Movie Catalog Clustering with Vertex Cover Feature Selection

Clustering Visualization

MovieLens Clustering Results.

Overview

This project demonstrates a novel approach to movie catalog clustering using Vertex Cover-based feature selection combined with Spherical K-Means clustering. By representing movie metadata (genres, tags, keywords) as a graph and applying an efficient vertex cover approximation algorithm, we select the most discriminative features before clustering, resulting in more coherent and interpretable movie groupings.

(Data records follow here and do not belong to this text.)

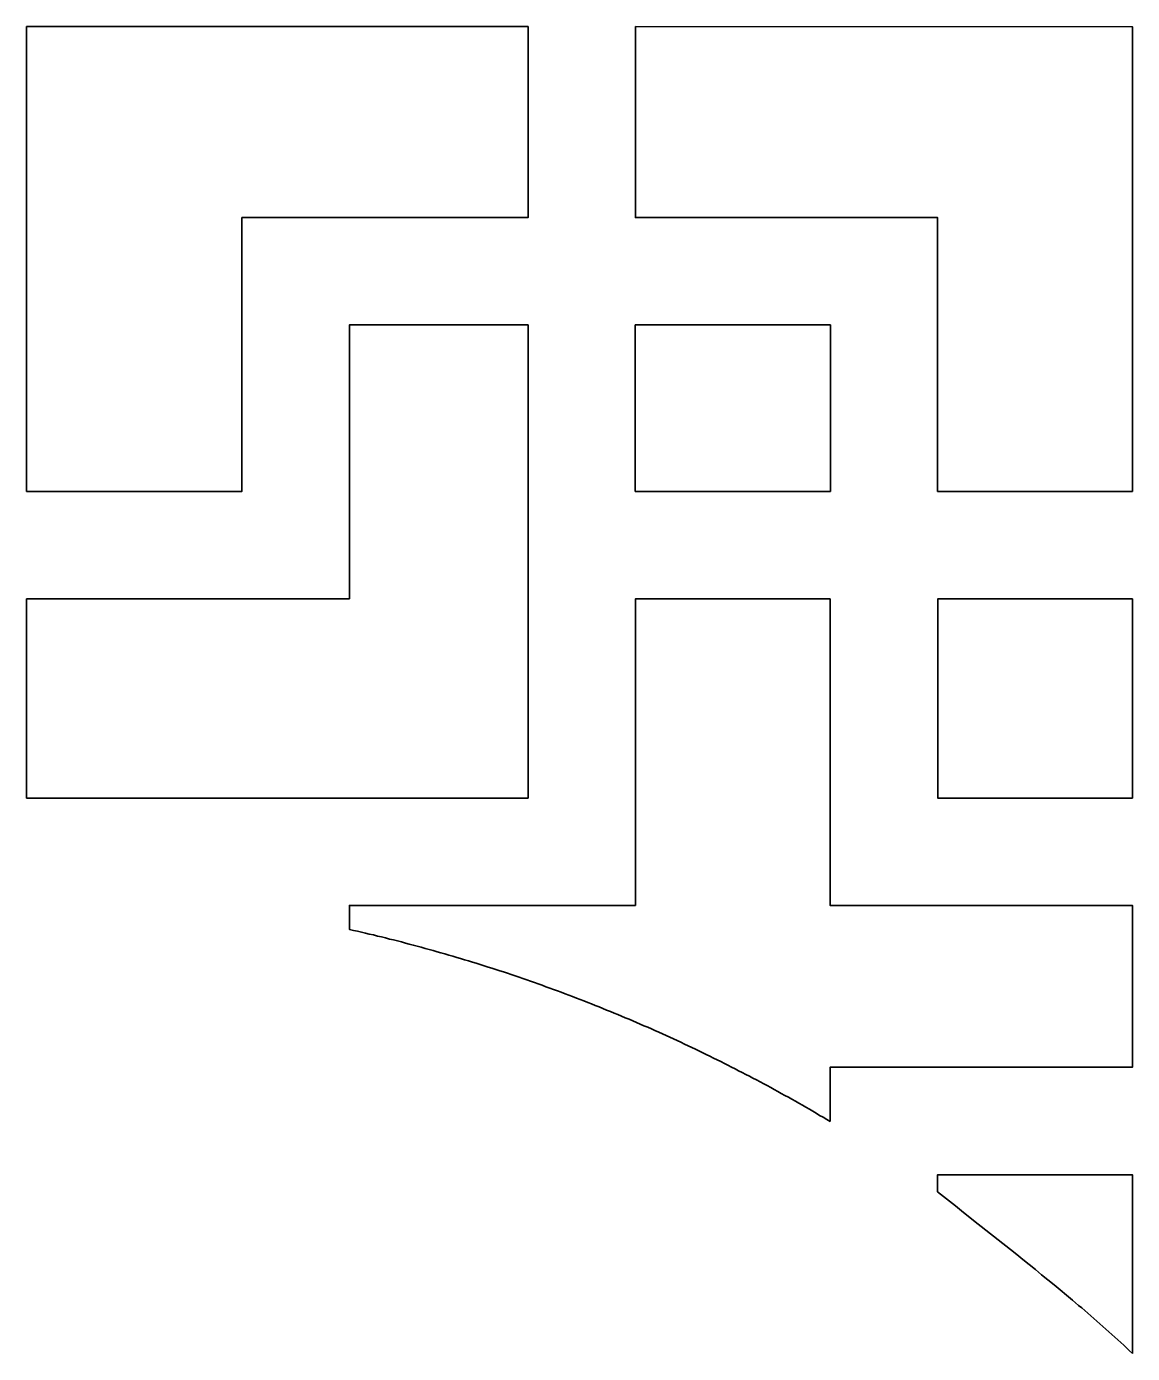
# Model space of a CAD drawing. Header units: centimetres. Extents: x 24 to 482, y -156 to 120.
# Drawn here: x 76.25 to 94.78, y 2.38 to 24.61 of the extents above; entities that cross this region are included whole.
import ezdxf

# ---------------------------------------------------------------- set-up
doc = ezdxf.new("R2010")
doc.units = ezdxf.units.CM
doc.header["$MEASUREMENT"] = 0
doc.layers.add('layer 1', color=7, linetype='Continuous')

msp = doc.modelspace()

# ---------------------------------------------------------------- linework, layer by layer
at = {"layer": 'layer 1', "color": 250, "lineweight": 35}
for points, knots in [([(79.85832, 21.40996), (79.85832, 21.40996), (79.85832, 16.82246), (79.85832, 16.82246), (79.85832, 16.82246), (79.85832, 16.82246), (76.24832, 16.82246), (76.24832, 16.82246), (76.24832, 16.82246), (76.24832, 16.82246), (76.24832, 24.61246), (76.24832, 24.61246), (76.24832, 24.61246), (76.24832, 24.61246), (84.65332, 24.61246), (84.65332, 24.61246), (84.65332, 24.61246), (84.65332, 24.61246), (84.65332, 21.40996), (84.65332, 21.40996), (84.65332, 21.40996), (84.65332, 21.40996), (79.85832, 21.40996), (79.85832, 21.40996)], [0, 0, 0, 0, 0.14285714, 0.14285714, 0.14285714, 0.14285714, 0.28571429, 0.28571429, 0.28571429, 0.28571429, 0.42857143, 0.42857143, 0.42857143, 0.42857143, 0.57142857, 0.57142857, 0.57142857, 0.57142857, 0.71428571, 0.71428571, 0.71428571, 0.71428571, 1, 1, 1, 1]), ([(86.45332, 24.61246), (86.45332, 24.61246), (86.45332, 21.40996), (86.45332, 21.40996), (86.45332, 21.40996), (86.45332, 21.40996), (91.51832, 21.41246), (91.51832, 21.41246), (91.51832, 21.41246), (91.51832, 21.41246), (91.51832, 16.82246), (91.51832, 16.82246), (91.51832, 16.82246), (91.51832, 16.82246), (94.78332, 16.82246), (94.78332, 16.82246), (94.78332, 16.82246), (94.78332, 16.82246), (94.78332, 24.60996), (94.78332, 24.60996), (94.78332, 24.60996), (94.78332, 24.60996), (86.45332, 24.61246), (86.45332, 24.61246)], [0, 0, 0, 0, 0.14285714, 0.14285714, 0.14285714, 0.14285714, 0.28571429, 0.28571429, 0.28571429, 0.28571429, 0.42857143, 0.42857143, 0.42857143, 0.42857143, 0.57142857, 0.57142857, 0.57142857, 0.57142857, 0.71428571, 0.71428571, 0.71428571, 0.71428571, 1, 1, 1, 1]), ([(81.65832, 15.02246), (81.65832, 15.02246), (81.65832, 19.61246), (81.65832, 19.61246), (81.65832, 19.61246), (81.65832, 19.61246), (84.65332, 19.61246), (84.65332, 19.61246), (84.65332, 19.61246), (84.65332, 19.61246), (84.65332, 11.68496), (84.65332, 11.68496), (84.65332, 11.68496), (84.65332, 11.68496), (76.24832, 11.68496), (76.24832, 11.68496), (76.24832, 11.68496), (76.24832, 11.68496), (76.24832, 15.02246), (76.24832, 15.02246), (76.24832, 15.02246), (76.24832, 15.02246), (81.65832, 15.02246), (81.65832, 15.02246)], [0, 0, 0, 0, 0.14285714, 0.14285714, 0.14285714, 0.14285714, 0.28571429, 0.28571429, 0.28571429, 0.28571429, 0.42857143, 0.42857143, 0.42857143, 0.42857143, 0.57142857, 0.57142857, 0.57142857, 0.57142857, 0.71428571, 0.71428571, 0.71428571, 0.71428571, 1, 1, 1, 1]), ([(89.72082, 16.82246), (89.72082, 16.82246), (86.45082, 16.82246), (86.45082, 16.82246), (86.45082, 16.82246), (86.45082, 16.82246), (86.45082, 19.61246), (86.45082, 19.61246), (86.45082, 19.61246), (86.45082, 19.61246), (89.72082, 19.61246), (89.72082, 19.61246), (89.72082, 19.61246), (89.72082, 19.61246), (89.72082, 16.82246), (89.72082, 16.82246)], [0, 0, 0, 0, 0.2, 0.2, 0.2, 0.2, 0.4, 0.4, 0.4, 0.4, 0.6, 0.6, 0.6, 0.6, 1, 1, 1, 1]), ([(89.71582, 6.26496), (89.71582, 6.26496), (89.71582, 7.17246), (89.71582, 7.17246), (89.71582, 7.17246), (89.71582, 7.17246), (94.78332, 7.17246), (94.78332, 7.17246), (94.78332, 7.17246), (94.78332, 7.17246), (94.78332, 9.88496), (94.78332, 9.88496), (94.78332, 9.88496), (94.78332, 9.88496), (89.71582, 9.88496), (89.71582, 9.88496), (89.71582, 9.88496), (89.71582, 9.88496), (89.71582, 15.01996), (89.71582, 15.01996), (89.71582, 15.01996), (89.71582, 15.01996), (86.45332, 15.01996), (86.45332, 15.01996), (86.45332, 15.01996), (86.45332, 15.01996), (86.45332, 9.88496), (86.45332, 9.88496), (86.45332, 9.88496), (86.45332, 9.88496), (81.65832, 9.88496), (81.65832, 9.88496), (81.65832, 9.88496), (81.65832, 9.88496), (81.65832, 9.48246), (81.65832, 9.48246), (81.65832, 9.48246), (81.65832, 9.48246), (81.65832, 9.48246), (81.65832, 9.48246), (81.65832, 9.48246), (81.65832, 9.48246), (81.72582, 9.46746), (81.72582, 9.46746), (81.72582, 9.46746), (81.72582, 9.46746), (81.79332, 9.45246), (81.79332, 9.45246), (81.79332, 9.45246), (81.79332, 9.45246), (81.86082, 9.43746), (81.86082, 9.43746), (81.86082, 9.43746), (81.86082, 9.43746), (81.92832, 9.42246), (81.92832, 9.42246), (81.92832, 9.42246), (81.92832, 9.42246), (81.99332, 9.40496), (81.99332, 9.40496), (81.99332, 9.40496), (81.99332, 9.40496), (82.06082, 9.38996), (82.06082, 9.38996), (82.06082, 9.38996), (82.06082, 9.38996), (82.12832, 9.37246), (82.12832, 9.37246), (82.12832, 9.37246), (82.12832, 9.37246), (82.19582, 9.35746), (82.19582, 9.35746), (82.19582, 9.35746), (82.19582, 9.35746), (82.26332, 9.33996), (82.26332, 9.33996), (82.26332, 9.33996), (82.26332, 9.33996), (82.33082, 9.32246), (82.33082, 9.32246), (82.33082, 9.32246), (82.33082, 9.32246), (82.39582, 9.30746), (82.39582, 9.30746), (82.39582, 9.30746), (82.39582, 9.30746), (82.46332, 9.28996), (82.46332, 9.28996), (82.46332, 9.28996), (82.46332, 9.28996), (82.53082, 9.27246), (82.53082, 9.27246), (82.53082, 9.27246), (82.53082, 9.27246), (82.59832, 9.25496), (82.59832, 9.25496), (82.59832, 9.25496), (82.59832, 9.25496), (82.66332, 9.23746), (82.66332, 9.23746), (82.66332, 9.23746), (82.66332, 9.23746), (82.73082, 9.21996), (82.73082, 9.21996), (82.73082, 9.21996), (82.73082, 9.21996), (82.79582, 9.20246), (82.79582, 9.20246), (82.79582, 9.20246), (82.79582, 9.20246), (82.86332, 9.18496), (82.86332, 9.18496), (82.86332, 9.18496), (82.86332, 9.18496), (82.93082, 9.16496), (82.93082, 9.16496), (82.93082, 9.16496), (82.93082, 9.16496), (82.99582, 9.14746), (82.99582, 9.14746), (82.99582, 9.14746), (82.99582, 9.14746), (83.06332, 9.12996), (83.06332, 9.12996), (83.06332, 9.12996), (83.06332, 9.12996), (83.12832, 9.10996), (83.12832, 9.10996), (83.12832, 9.10996), (83.12832, 9.10996), (83.19332, 9.09246), (83.19332, 9.09246), (83.19332, 9.09246), (83.19332, 9.09246), (83.26082, 9.07246), (83.26082, 9.07246), (83.26082, 9.07246), (83.26082, 9.07246), (83.32582, 9.05246), (83.32582, 9.05246), (83.32582, 9.05246), (83.32582, 9.05246), (83.39332, 9.03496), (83.39332, 9.03496), (83.39332, 9.03496), (83.39332, 9.03496), (83.45832, 9.01496), (83.45832, 9.01496), (83.45832, 9.01496), (83.45832, 9.01496), (83.52332, 8.99496), (83.52332, 8.99496), (83.52332, 8.99496), (83.52332, 8.99496), (83.59082, 8.97496), (83.59082, 8.97496), (83.59082, 8.97496), (83.59082, 8.97496), (83.65582, 8.95496), (83.65582, 8.95496), (83.65582, 8.95496), (83.65582, 8.95496), (83.72082, 8.93496), (83.72082, 8.93496), (83.72082, 8.93496), (83.72082, 8.93496), (83.78582, 8.91496), (83.78582, 8.91496), (83.78582, 8.91496), (83.78582, 8.91496), (83.85082, 8.89496), (83.85082, 8.89496), (83.85082, 8.89496), (83.85082, 8.89496), (83.91832, 8.87496), (83.91832, 8.87496), (83.91832, 8.87496), (83.91832, 8.87496), (83.98332, 8.85246), (83.98332, 8.85246), (83.98332, 8.85246), (83.98332, 8.85246), (84.04832, 8.83246), (84.04832, 8.83246), (84.04832, 8.83246), (84.04832, 8.83246), (84.11332, 8.81246), (84.11332, 8.81246), (84.11332, 8.81246), (84.11332, 8.81246), (84.17832, 8.78996), (84.17832, 8.78996), (84.17832, 8.78996), (84.17832, 8.78996), (84.24332, 8.76996), (84.24332, 8.76996), (84.24332, 8.76996), (84.24332, 8.76996), (84.30832, 8.74746), (84.30832, 8.74746), (84.30832, 8.74746), (84.30832, 8.74746), (84.37332, 8.72496), (84.37332, 8.72496), (84.37332, 8.72496), (84.37332, 8.72496), (84.43832, 8.70496), (84.43832, 8.70496), (84.43832, 8.70496), (84.43832, 8.70496), (84.50332, 8.68246), (84.50332, 8.68246), (84.50332, 8.68246), (84.50332, 8.68246), (84.56582, 8.65996), (84.56582, 8.65996), (84.56582, 8.65996), (84.56582, 8.65996), (84.63082, 8.63746), (84.63082, 8.63746), (84.63082, 8.63746), (84.63082, 8.63746), (84.69582, 8.61496), (84.69582, 8.61496), (84.69582, 8.61496), (84.69582, 8.61496), (84.76082, 8.59246), (84.76082, 8.59246), (84.76082, 8.59246), (84.76082, 8.59246), (84.82332, 8.56996), (84.82332, 8.56996), (84.82332, 8.56996), (84.82332, 8.56996), (84.88832, 8.54746), (84.88832, 8.54746), (84.88832, 8.54746), (84.88832, 8.54746), (84.95332, 8.52246), (84.95332, 8.52246), (84.95332, 8.52246), (84.95332, 8.52246), (85.01832, 8.49996), (85.01832, 8.49996), (85.01832, 8.49996), (85.01832, 8.49996), (85.08082, 8.47746), (85.08082, 8.47746), (85.08082, 8.47746), (85.08082, 8.47746), (85.14582, 8.45246), (85.14582, 8.45246), (85.14582, 8.45246), (85.14582, 8.45246), (85.20832, 8.42996), (85.20832, 8.42996), (85.20832, 8.42996), (85.20832, 8.42996), (85.27332, 8.40496), (85.27332, 8.40496), (85.27332, 8.40496), (85.27332, 8.40496), (85.33582, 8.38246), (85.33582, 8.38246), (85.33582, 8.38246), (85.33582, 8.38246), (85.40082, 8.35746), (85.40082, 8.35746), (85.40082, 8.35746), (85.40082, 8.35746), (85.46332, 8.33246), (85.46332, 8.33246), (85.46332, 8.33246), (85.46332, 8.33246), (85.52832, 8.30996), (85.52832, 8.30996), (85.52832, 8.30996), (85.52832, 8.30996), (85.59082, 8.28496), (85.59082, 8.28496), (85.59082, 8.28496), (85.59082, 8.28496), (85.65332, 8.25996), (85.65332, 8.25996), (85.65332, 8.25996), (85.65332, 8.25996), (85.71832, 8.23496), (85.71832, 8.23496), (85.71832, 8.23496), (85.71832, 8.23496), (85.78082, 8.20996), (85.78082, 8.20996), (85.78082, 8.20996), (85.78082, 8.20996), (85.84332, 8.18496), (85.84332, 8.18496), (85.84332, 8.18496), (85.84332, 8.18496), (85.90582, 8.15996), (85.90582, 8.15996), (85.90582, 8.15996), (85.90582, 8.15996), (85.97082, 8.13246), (85.97082, 8.13246), (85.97082, 8.13246), (85.97082, 8.13246), (86.03332, 8.10746), (86.03332, 8.10746), (86.03332, 8.10746), (86.03332, 8.10746), (86.09582, 8.08246), (86.09582, 8.08246), (86.09582, 8.08246), (86.09582, 8.08246), (86.15832, 8.05496), (86.15832, 8.05496), (86.15832, 8.05496), (86.15832, 8.05496), (86.22082, 8.02996), (86.22082, 8.02996), (86.22082, 8.02996), (86.22082, 8.02996), (86.28332, 8.00246), (86.28332, 8.00246), (86.28332, 8.00246), (86.28332, 8.00246), (86.34582, 7.97746), (86.34582, 7.97746), (86.34582, 7.97746), (86.34582, 7.97746), (86.40832, 7.94996), (86.40832, 7.94996), (86.40832, 7.94996), (86.40832, 7.94996), (86.47082, 7.92496), (86.47082, 7.92496), (86.47082, 7.92496), (86.47082, 7.92496), (86.53332, 7.89746), (86.53332, 7.89746), (86.53332, 7.89746), (86.53332, 7.89746), (86.59582, 7.86996), (86.59582, 7.86996), (86.59582, 7.86996), (86.59582, 7.86996), (86.65832, 7.84246), (86.65832, 7.84246), (86.65832, 7.84246), (86.65832, 7.84246), (86.72082, 7.81496), (86.72082, 7.81496), (86.72082, 7.81496), (86.72082, 7.81496), (86.78082, 7.78746), (86.78082, 7.78746), (86.78082, 7.78746), (86.78082, 7.78746), (86.84332, 7.75996), (86.84332, 7.75996), (86.84332, 7.75996), (86.84332, 7.75996), (86.90582, 7.73246), (86.90582, 7.73246), (86.90582, 7.73246), (86.90582, 7.73246), (86.96832, 7.70496), (86.96832, 7.70496), (86.96832, 7.70496), (86.96832, 7.70496), (87.02832, 7.67746), (87.02832, 7.67746), (87.02832, 7.67746), (87.02832, 7.67746), (87.09082, 7.64746), (87.09082, 7.64746), (87.09082, 7.64746), (87.09082, 7.64746), (87.15082, 7.61996), (87.15082, 7.61996), (87.15082, 7.61996), (87.15082, 7.61996), (87.21332, 7.59246), (87.21332, 7.59246), (87.21332, 7.59246), (87.21332, 7.59246), (87.27332, 7.56246), (87.27332, 7.56246), (87.27332, 7.56246), (87.27332, 7.56246), (87.33582, 7.53496), (87.33582, 7.53496), (87.33582, 7.53496), (87.33582, 7.53496), (87.39582, 7.50496), (87.39582, 7.50496), (87.39582, 7.50496), (87.39582, 7.50496), (87.45832, 7.47496), (87.45832, 7.47496), (87.45832, 7.47496), (87.45832, 7.47496), (87.51832, 7.44746), (87.51832, 7.44746), (87.51832, 7.44746), (87.51832, 7.44746), (87.58082, 7.41746), (87.58082, 7.41746), (87.58082, 7.41746), (87.58082, 7.41746), (87.64082, 7.38746), (87.64082, 7.38746), (87.64082, 7.38746), (87.64082, 7.38746), (87.70082, 7.35746), (87.70082, 7.35746), (87.70082, 7.35746), (87.70082, 7.35746), (87.76332, 7.32746), (87.76332, 7.32746), (87.76332, 7.32746), (87.76332, 7.32746), (87.82332, 7.29746), (87.82332, 7.29746), (87.82332, 7.29746), (87.82332, 7.29746), (87.88332, 7.26746), (87.88332, 7.26746), (87.88332, 7.26746), (87.88332, 7.26746), (87.94332, 7.23746), (87.94332, 7.23746), (87.94332, 7.23746), (87.94332, 7.23746), (88.00332, 7.20746), (88.00332, 7.20746), (88.00332, 7.20746), (88.00332, 7.20746), (88.06332, 7.17746), (88.06332, 7.17746), (88.06332, 7.17746), (88.06332, 7.17746), (88.12332, 7.14746), (88.12332, 7.14746), (88.12332, 7.14746), (88.12332, 7.14746), (88.18332, 7.11496), (88.18332, 7.11496), (88.18332, 7.11496), (88.18332, 7.11496), (88.24332, 7.08496), (88.24332, 7.08496), (88.24332, 7.08496), (88.24332, 7.08496), (88.30332, 7.05246), (88.30332, 7.05246), (88.30332, 7.05246), (88.30332, 7.05246), (88.36332, 7.02246), (88.36332, 7.02246), (88.36332, 7.02246), (88.36332, 7.02246), (88.42332, 6.98996), (88.42332, 6.98996), (88.42332, 6.98996), (88.42332, 6.98996), (88.48332, 6.95996), (88.48332, 6.95996), (88.48332, 6.95996), (88.48332, 6.95996), (88.54332, 6.92746), (88.54332, 6.92746), (88.54332, 6.92746), (88.54332, 6.92746), (88.60332, 6.89496), (88.60332, 6.89496), (88.60332, 6.89496), (88.60332, 6.89496), (88.66082, 6.86496), (88.66082, 6.86496), (88.66082, 6.86496), (88.66082, 6.86496), (88.72082, 6.83246), (88.72082, 6.83246), (88.72082, 6.83246), (88.72082, 6.83246), (88.78082, 6.79996), (88.78082, 6.79996), (88.78082, 6.79996), (88.78082, 6.79996), (88.83832, 6.76746), (88.83832, 6.76746), (88.83832, 6.76746), (88.83832, 6.76746), (88.89832, 6.73496), (88.89832, 6.73496), (88.89832, 6.73496), (88.89832, 6.73496), (88.95832, 6.70246), (88.95832, 6.70246), (88.95832, 6.70246), (88.95832, 6.70246), (89.01582, 6.66996), (89.01582, 6.66996), (89.01582, 6.66996), (89.01582, 6.66996), (89.07582, 6.63746), (89.07582, 6.63746), (89.07582, 6.63746), (89.07582, 6.63746), (89.13332, 6.60246), (89.13332, 6.60246), (89.13332, 6.60246), (89.13332, 6.60246), (89.19332, 6.56996), (89.19332, 6.56996), (89.19332, 6.56996), (89.19332, 6.56996), (89.25082, 6.53746), (89.25082, 6.53746), (89.25082, 6.53746), (89.25082, 6.53746), (89.30832, 6.50246), (89.30832, 6.50246), (89.30832, 6.50246), (89.30832, 6.50246), (89.36832, 6.46996), (89.36832, 6.46996), (89.36832, 6.46996), (89.36832, 6.46996), (89.42582, 6.43496), (89.42582, 6.43496), (89.42582, 6.43496), (89.42582, 6.43496), (89.48332, 6.40246), (89.48332, 6.40246), (89.48332, 6.40246), (89.48332, 6.40246), (89.54082, 6.36746), (89.54082, 6.36746), (89.54082, 6.36746), (89.54082, 6.36746), (89.60082, 6.33496), (89.60082, 6.33496), (89.60082, 6.33496), (89.60082, 6.33496), (89.65832, 6.29996), (89.65832, 6.29996), (89.65832, 6.29996), (89.65832, 6.29996), (89.71582, 6.26496), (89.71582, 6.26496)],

The key innovation is using Minimum Vertex Cover (MVC) as a feature selection method to identify central terms that capture the strongest relationships in the movie catalog, which significantly improves clustering quality compared to using all features.

Features

  • Graph-based Feature Selection: Builds a term co-occurrence graph and applies vertex cover approximation
  • Efficient Implementation: Uses Hvala package for O(m log n) vertex cover approximation with √2 ratio
  • MovieLens Integration: Works with standard MovieLens datasets (25M, latest-small)
  • Spherical K-Means: Implements cosine similarity-based clustering optimized for text data
  • Visual Analytics: Provides cluster visualization and term importance analysis
  • Modular Design: Easy to extend to other text clustering domains

Project Structure

movie_clustering/
├── movie_clustering/
│   ├── __init__.py
│   ├── processor.py           # Main Algorithm
├── data/
│   ├── raw/                   # Original MovieLens data
│   └── processed/             # Processed datasets
├── tests/
│   ├── test_movie_clustering.py
├── requirements.txt
├── setup.py
├── config.yaml               # Configuration parameters
└── README.md

Installation

Prerequisites

  • Python 3.8 or higher
  • pip package manager

Quick Install

# Clone the repository
git clone https://github.com/frankvegadelgado/movie_clustering.git
cd movie_clustering

# Create and activate virtual environment (recommended)
python -m venv venv
source venv/bin/activate  # On Windows: venv\Scripts\activate

# Install package and dependencies
pip install -e .

Manual Installation

# Install core dependencies
pip install pandas scikit-learn matplotlib seaborn spacy pyyaml

# Install Hvala package for vertex cover algorithm
pip install hvala==0.0.7

# Download spaCy English model
python -m spacy download en_core_web_sm

Using requirements.txt

# Install all dependencies at once
pip install -r requirements.txt

requirements.txt:

# Vertex cover algorithm
hvala==0.0.7

# Core dependencies
pandas>=1.5.0
scikit-learn>=1.2.0
matplotlib>=3.7.0
seaborn>=0.12.0
spacy>=3.5.0

# Configuration management
pyyaml>=6.0

# Data processing and ML utilities
joblib>=1.2.0
threadpoolctl>=3.1.0

Quick Start

1. Install the Package

pip install movie_clustering

2. Download MovieLens Data

# Download MovieLens 25M dataset
cd data/raw
wget -O ml-25m.zip http://files.grouplens.org/datasets/movielens/ml-25m.zip
unzip ml-25m.zip
cd ../..

3. Run the Console Script

# Create a basic configuration file
cat > config.yaml << EOF
data:
  movies_path: "data/raw/ml-25m/movies.csv"
  tags_path: "data/raw/ml-25m/tags.csv"
  output_path: "movie_clusters.csv"
graph:
  similarity_threshold: 0.05
clustering:
  n_clusters: 10
EOF

# Run the clustering pipeline
movie-cluster

4. Basic Python Usage

from movie_clustering.processor import MovieCatalogGraphProcessor
import pandas as pd

# Initialize processor
processor = MovieCatalogGraphProcessor(similarity_threshold=0.05)

# Load and process data
movies_df, terms = processor.load_movielens_data(
    movies_path='data/raw/ml-25m/movies.csv',
    tags_path='data/raw/ml-25m/tags.csv'
)

# Build graph and find vertex cover
similarity_matrix = processor.build_co_occurrence_matrix(movies_df, terms)
graph = processor.build_term_graph(similarity_matrix)
vertex_cover = processor.find_vertex_cover()  # Uses Hvala package

# Create reduced feature vectors
movie_vectors, movie_titles = processor.create_movie_vectors(movies_df)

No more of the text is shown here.